A las tres de la mañana sonó el teléfono fijo. Sabía quién era porque ella no tiene celular desde que perdió el empleo por no someterse a las exigencias amorosas de un subalterno de su jefe. Está desempleada. Tenía la voz quebrada. “Haz algo —me dijo—. Me muero del dolor”, y colgó. Media hora más tarde salíamos para el hospital. Paga obligatoria y cumplidamente a una EPS para que su hoja de vida sea considerada por cualquier empleador y para cubrir una eventualidad como la que la tenía postrada. Está afiliada a Cafesalud, la empresa heredera de los cinco millones de usuarios de la asaltada Salucoop.

Doblada del dolor la bajé en Urgencias de la EPS en el barrio La Alameda de Cali. El portero, uniformado, armado y trasnochado, le dijo: “Aquí no atienden esos casos, debe ir a la Clínica Norte”. La misma donde habían muerto dos pacientes haciendo cola la semana pasada. Allí, de nuevo, un vigilante: “¿Cuál es el motivo de su consulta?”, preguntó, atravesándose en la puerta. “Fuera de lo que ve, no sabemos”, le respondí. “Siéntese ahí”, dijo mirando al siguiente paciente que llegaba. Una hora más tarde, debajo de un televisor a todo volumen, una señorita le preguntó una vez más: “¿Causa de la consulta?”. “No sé —respondió mi amiga—, tengo un dolor en la barriga que no me deja hablar”. “Ah, bueno, regáleme su cédula, siéntese que ya la llaman”. Era el sábado cinco de marzo a las ocho de la mañana.

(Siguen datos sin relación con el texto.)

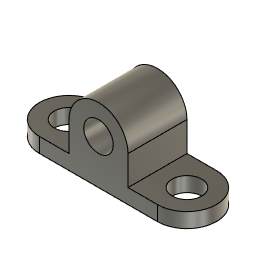
A4 shape (Autodesk Fusion 360 design; units mm, degrees)
Autodesk Fusion 360 part; units mm, degrees
note: some values were not read from the file. Set by a fixed rule: which sketch regions a step uses.
sketch "Sketch1" plane through (0, 0, 0) normal (0, 0, 1) x (1, 0, 0)
  line L0 (40, 20) -> (-40, 20)
  line L1 (-40, 20) -> (-40, -20)
  line L2 (-40, -20) -> (40, -20)
  line L3 (40, -20) -> (40, 20)
  line L4 (40, 20) -> (-40, -20) construction
  line L5 (-40, 20) -> (40, -20) construction
  line L6 (-20, 20) -> (-20, -20) construction
  line L7 (20, 20) -> (20, -20) construction
  circle A0 centre (40, 0) radius 20
  circle A1 centre (40, 0) radius 10
  circle A2 centre (-40, 0) radius 10
  circle A3 centre (-40, 0) radius 20
  dimension "d1" = 80
  dimension "d2" = 40
  dimension "d3" = 40
  dimension "d4" = 20
  dimension "d5" = 40
  dimension "d6" = 20
  dimension "d7" = 20
  dimension "d8" = 40
  constraint horizontal L0
  constraint perpendicular L0 L1
  constraint parallel L0 L2
  constraint parallel L1 L3
  constraint coincident L4 origin
  constraint coincident L5 origin
  constraint coincident L0 L6.start
  constraint coincident L2 L6.end
  constraint perpendicular L2 L6
  constraint coincident L2 L7.end
  constraint perpendicular L2 L7
  constraint midpoint L3 A0.centre
  constraint concentric A0 A1
  constraint midpoint L1 A2.centre
  constraint concentric A2 A3
  measures "d1" distance of L1.end L2.end
  measures "d2" distance of L0.end L1.end
  measures "d3" distance of L6 L7
  measures "d4" distance of L3 L7
  measures "d5" diameter of A0
  measures "d6" diameter of A1
  measures "d7" diameter of A2
  measures "d8" diameter of A3
extrude "Extrude1" add sketch "Sketch1" along normal blind 10 contours L0 L2 A0 A3 | L3 A0 A1 | L3 A0 A1 | L1 A2 A3 | L1 A2 A3
sketch "Sketch2" plane through (0, 0, 0) normal (0, 1, 0) x (1, 0, 0)
  line L0 (-40, -10) -> (-20, -10) construction
  line L1 (-20, -10) -> (20, -10)
  line L2 (20, -10) -> (20, -30)
  line L3 (20, -30) -> (-20, -30)
  line L4 (-20, -30) -> (-20, -10)
  circle A0 centre (0, -30) radius 10
  circle A1 centre (0, -30) radius 20
  dimension "d11" = 20
  dimension "d12" = 40
  dimension "d13" = 20
  dimension "d14" = 20
  dimension "d15" = 40
  constraint horizontal L0
  constraint horizontal L1
  constraint vertical L2
  constraint horizontal L3
  constraint vertical L4
  constraint midpoint L3 A0.centre
  constraint concentric A0 A1
  measures "d11" distance of L0.start L0.end
  measures "d12" distance of L0.end L1.end
  measures "d13" distance of L0.end L3.end
  measures "d14" diameter of A0
  measures "d15" diameter of A1
extrude "Extrude2" add sketch "Sketch2" along normal mid plane 40 contours L1 L4 A1 | L1 L2 A1 | L3 A0 A1 | L3 A0 A1

A medio día la llamaron por su nombre. “¿No la han atendido?” preguntó, rutinario, un enfermero. “Pues no —le respondí—, pero ¿podrán atenderla aunque sea para hacerle la necropsia?” le tiré a la cara. “No sé, tal vez”, me respondió imperturbable. A las cinco de la tarde, 12 horas después de haber entrado al hospital, me acerqué con cara de pregunta a la recepción: “Señor —me dijo la empleada—, tenga paciencia, van en el número 0086 y ustedes tienen el 0456”. Seis horas más tarde, sin que hubiéramos probado bocado, un médico volvió a preguntar: “¿Causa de la consulta?”. Ella estalló. Traté de mediar: “Dolor de barriga”, dije. En el pasillo la subieron en una camilla y ahí mismo, delante del resto de pacientes, la examinaron. Resultado del veredicto: costilla inflamada; fórmula: “Una inyección de Diclofenaco y una de Tramadol, por ahora. Para mañana, Naproxeno. De continuar el dolor, pida una cita en el Centro o por internet”. Yo estuve a punto de matar al médico: “¿Otras 15 horas para la misma pregunta mañana?”. Se rió cínico: “sí, pero sin dolor”.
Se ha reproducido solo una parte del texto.